What is required:
Please count how many lines below contain the word "picture" and reply with only that number.

Material provided:
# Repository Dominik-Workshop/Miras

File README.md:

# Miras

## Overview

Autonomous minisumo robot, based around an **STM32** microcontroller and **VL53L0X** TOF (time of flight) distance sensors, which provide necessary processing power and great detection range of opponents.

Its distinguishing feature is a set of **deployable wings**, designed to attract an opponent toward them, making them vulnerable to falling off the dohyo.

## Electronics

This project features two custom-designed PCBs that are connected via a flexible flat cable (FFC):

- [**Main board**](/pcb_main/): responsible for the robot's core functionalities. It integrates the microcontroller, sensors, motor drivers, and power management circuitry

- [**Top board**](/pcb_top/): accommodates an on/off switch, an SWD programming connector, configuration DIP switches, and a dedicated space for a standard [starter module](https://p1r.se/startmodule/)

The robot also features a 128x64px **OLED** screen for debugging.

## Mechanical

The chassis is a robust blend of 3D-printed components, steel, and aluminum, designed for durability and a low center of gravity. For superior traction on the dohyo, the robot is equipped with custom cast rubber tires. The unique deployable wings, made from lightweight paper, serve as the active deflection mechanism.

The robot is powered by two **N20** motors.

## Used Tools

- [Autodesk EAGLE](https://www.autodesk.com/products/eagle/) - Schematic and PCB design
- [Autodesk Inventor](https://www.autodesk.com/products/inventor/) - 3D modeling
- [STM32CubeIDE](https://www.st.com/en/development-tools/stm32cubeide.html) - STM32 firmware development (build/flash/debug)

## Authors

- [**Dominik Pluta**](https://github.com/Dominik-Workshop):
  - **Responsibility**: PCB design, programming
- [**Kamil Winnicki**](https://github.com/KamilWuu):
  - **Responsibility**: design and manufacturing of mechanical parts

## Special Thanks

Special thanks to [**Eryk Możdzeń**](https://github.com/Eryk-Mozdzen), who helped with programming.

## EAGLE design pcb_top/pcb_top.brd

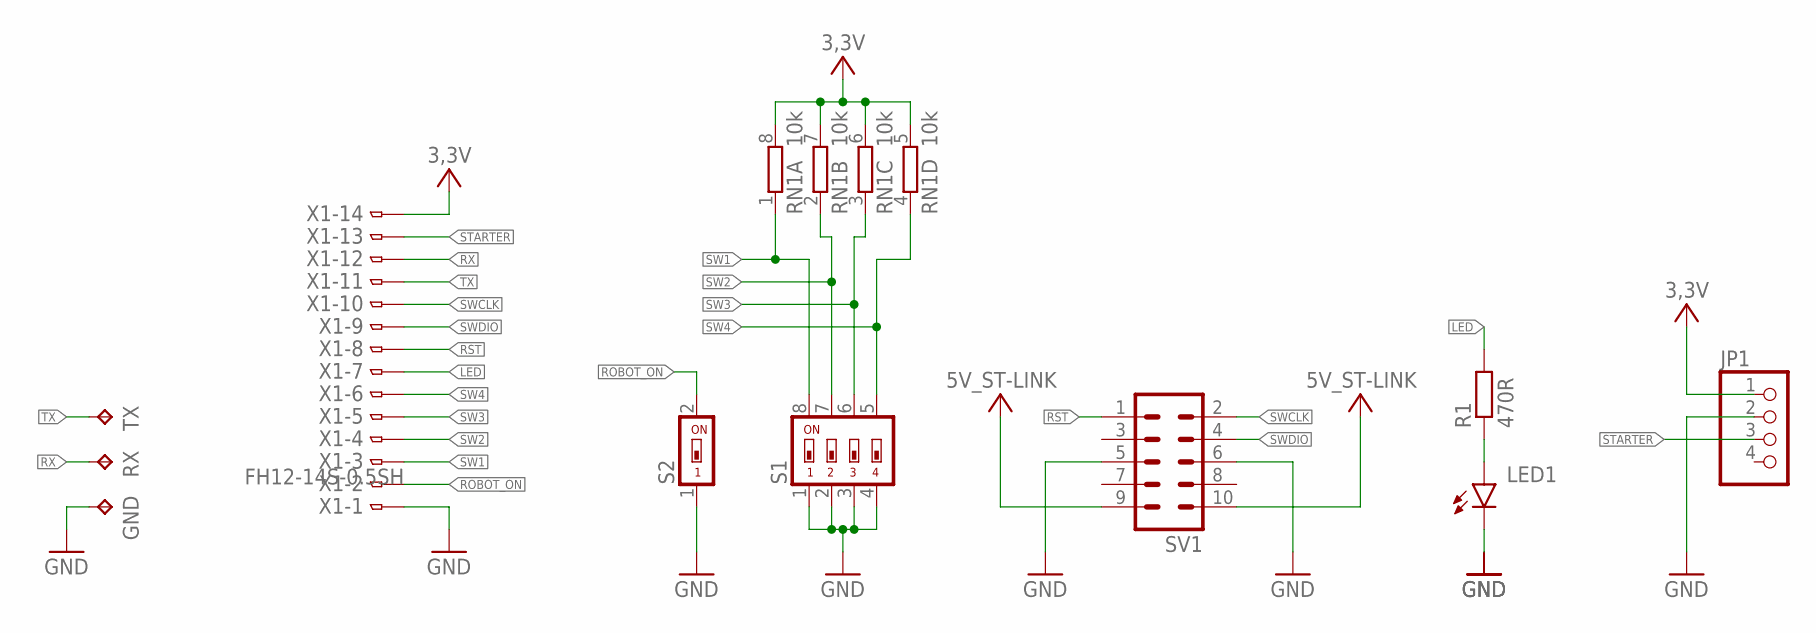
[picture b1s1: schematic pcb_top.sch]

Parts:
GND: TPTP20SQ; TP20SQ
JP1: PINHD-1X4; 1X04
LED1: LEDCHIP-LED0805; CHIP-LED0805
R1: 470R; R0603
RN1: 10k; CAT16
RX: TPTP20SQ; TP20SQ
S1: SWS004; SMS-004
S2: SWS001; SMS-001
SV1: ML10
TX: TPTP20SQ; TP20SQ
X1: FH12-14S-0.5SH

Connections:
3,3V: JP1.1, RN1.5 (2), RN1.6 (2), RN1.7 (2), RN1.8 (2), X1.14
5V_ST-LINK: SV1.9, SV1.10
GND: GND.TP, JP1.2, LED1.C, S1.1, S1.2, S1.3, S1.4, S2.1, SV1.5, SV1.6, X1.1
LED: R1.2, X1.7
unnamed: LED1.A, R1.1
ROBOT_ON: S2.2, X1.2
RST: SV1.1, X1.8
RX: RX.TP, X1.12
STARTER: JP1.3, X1.13
SW1: RN1.1, S1.8, X1.3
SW2: RN1.2 (1), S1.7, X1.4
SW3: RN1.3 (1), S1.6, X1.5
SW4: RN1.4 (1), S1.5, X1.6
SWCLK: SV1.2, X1.10
SWDIO: SV1.4, X1.9
TX: TX.TP, X1.11

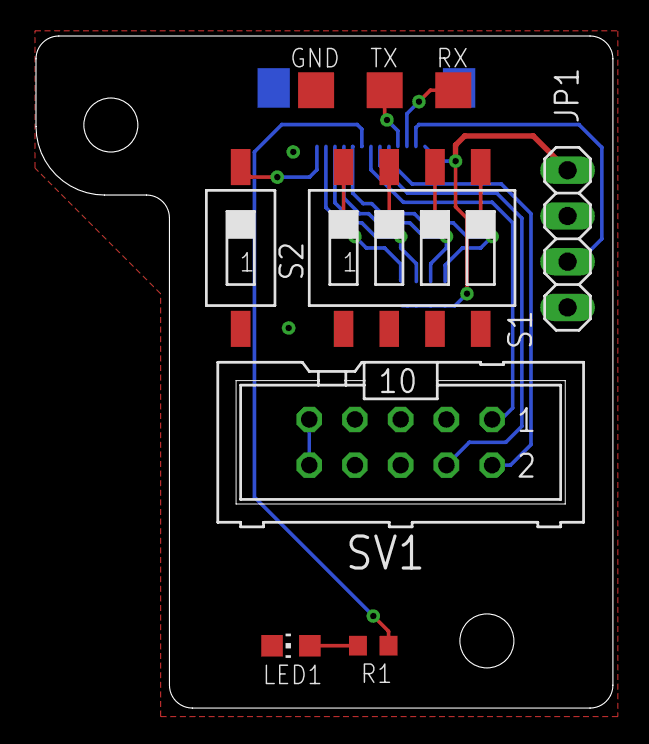
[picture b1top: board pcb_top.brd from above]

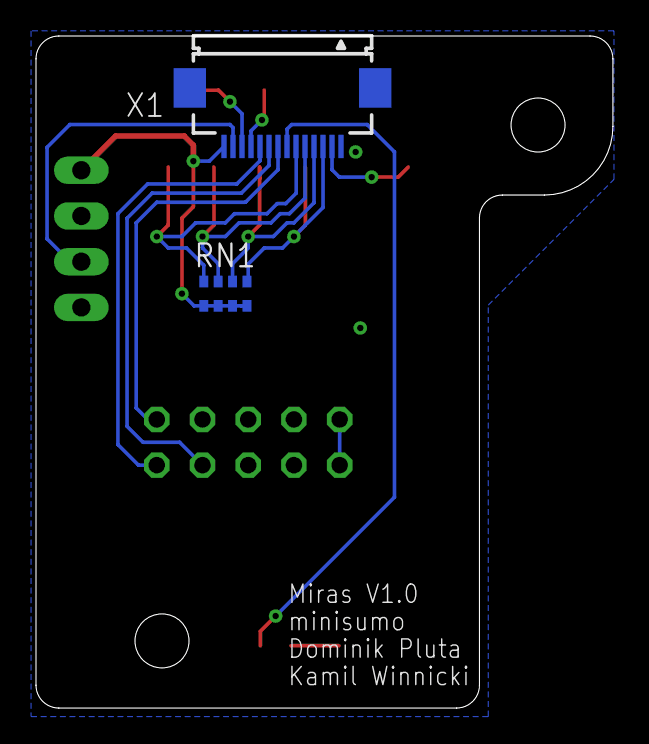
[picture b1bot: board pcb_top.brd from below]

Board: 2 copper layers, 32.0 x 37.3 mm, 11 parts (2 on the bottom side), 16 nets.

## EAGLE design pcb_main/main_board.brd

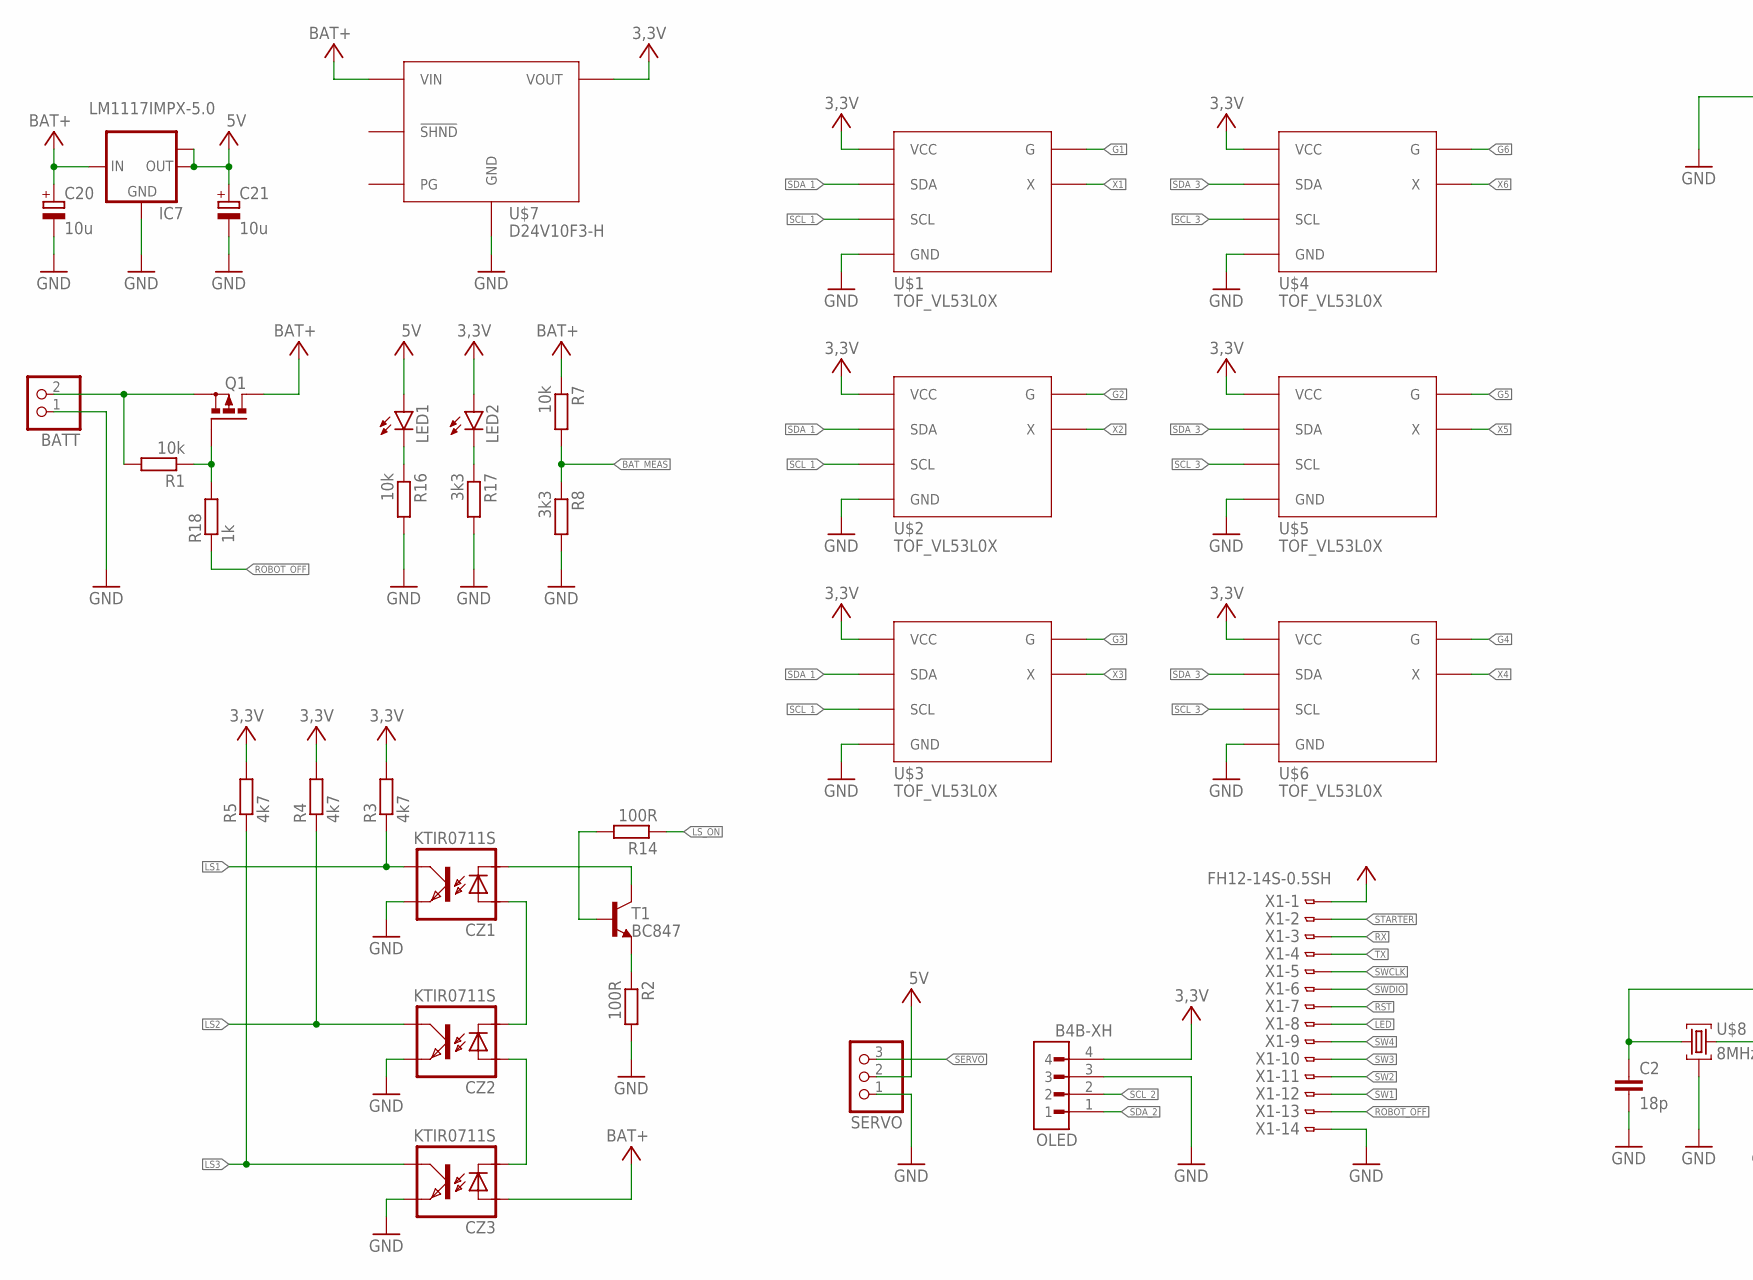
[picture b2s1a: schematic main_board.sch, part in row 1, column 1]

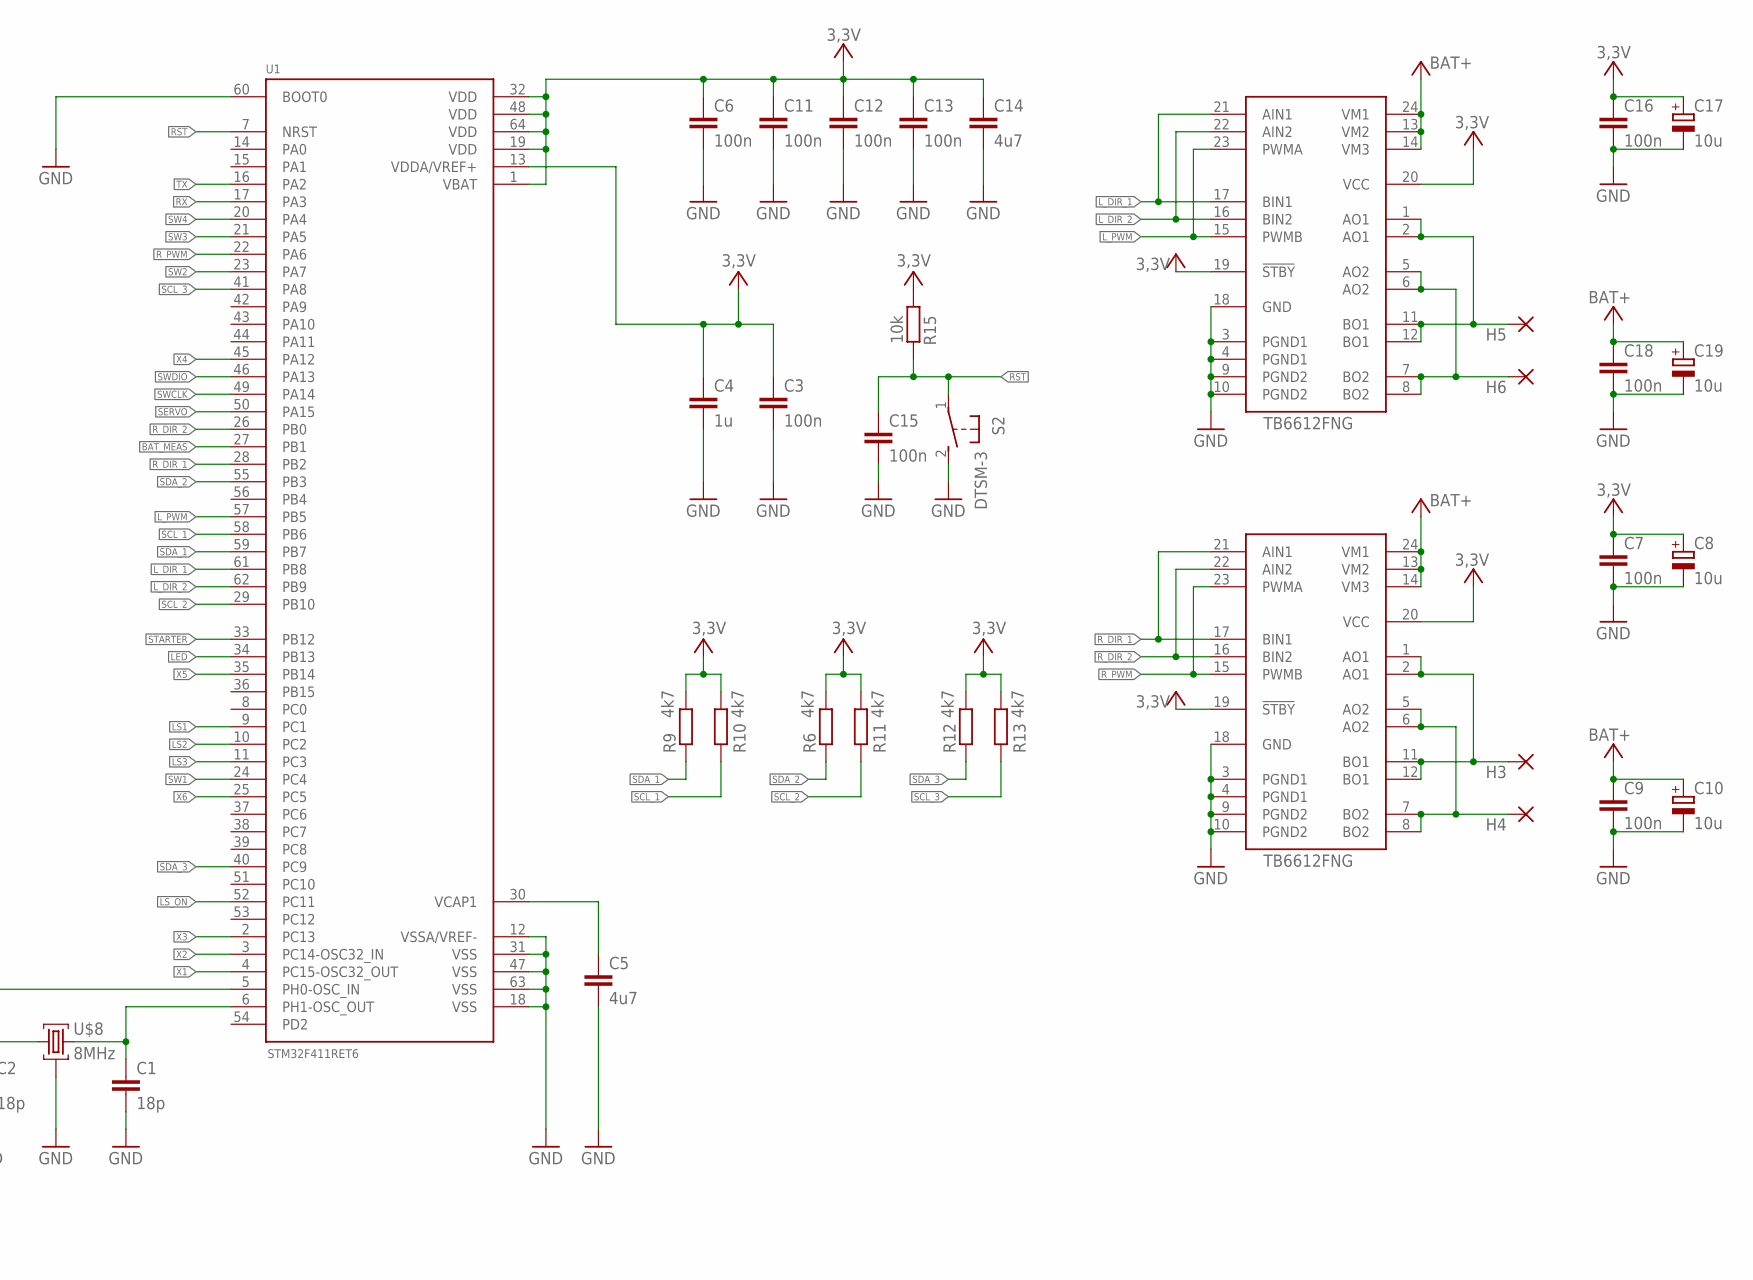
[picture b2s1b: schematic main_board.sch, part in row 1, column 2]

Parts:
BATT: PINHD-1X2; 1X02
C1, C2: 18p; C0603
C3, C6, C7, C9, C11, C12, C13, C15, C16, C18: 100n; C0603
C4: 1u; C0603
C5, C14: 4u7; C0603
C8, C10, C17, C19, C20, C21: 10u; B/3528-21W
CZ1, CZ2, CZ3: KTIR0711S; TOP
H3, H4, H5, H6: 1,6/0,8
IC7: LM1117IMPX-5.0; SOT223
LED1, LED2: LEDCHIPLED_0603; CHIPLED_0603
OLED: B4B-XH; JST_B4B-XH-A(LF)(SN)
Q1: P-MOSFET-SO8; SO-08
R1, R7, R15, R16: 10k; R0603
R2, R14: 100R; R0603
R3, R4, R5, R6, R9, R10, R11, R12, R13: 4k7; R0603
R8, R17: 3k3; R0603
R18: 1k; R0603
S2: DTSM-3
SERVO: PINHD-1X3; 1X03
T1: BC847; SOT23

Reply:
5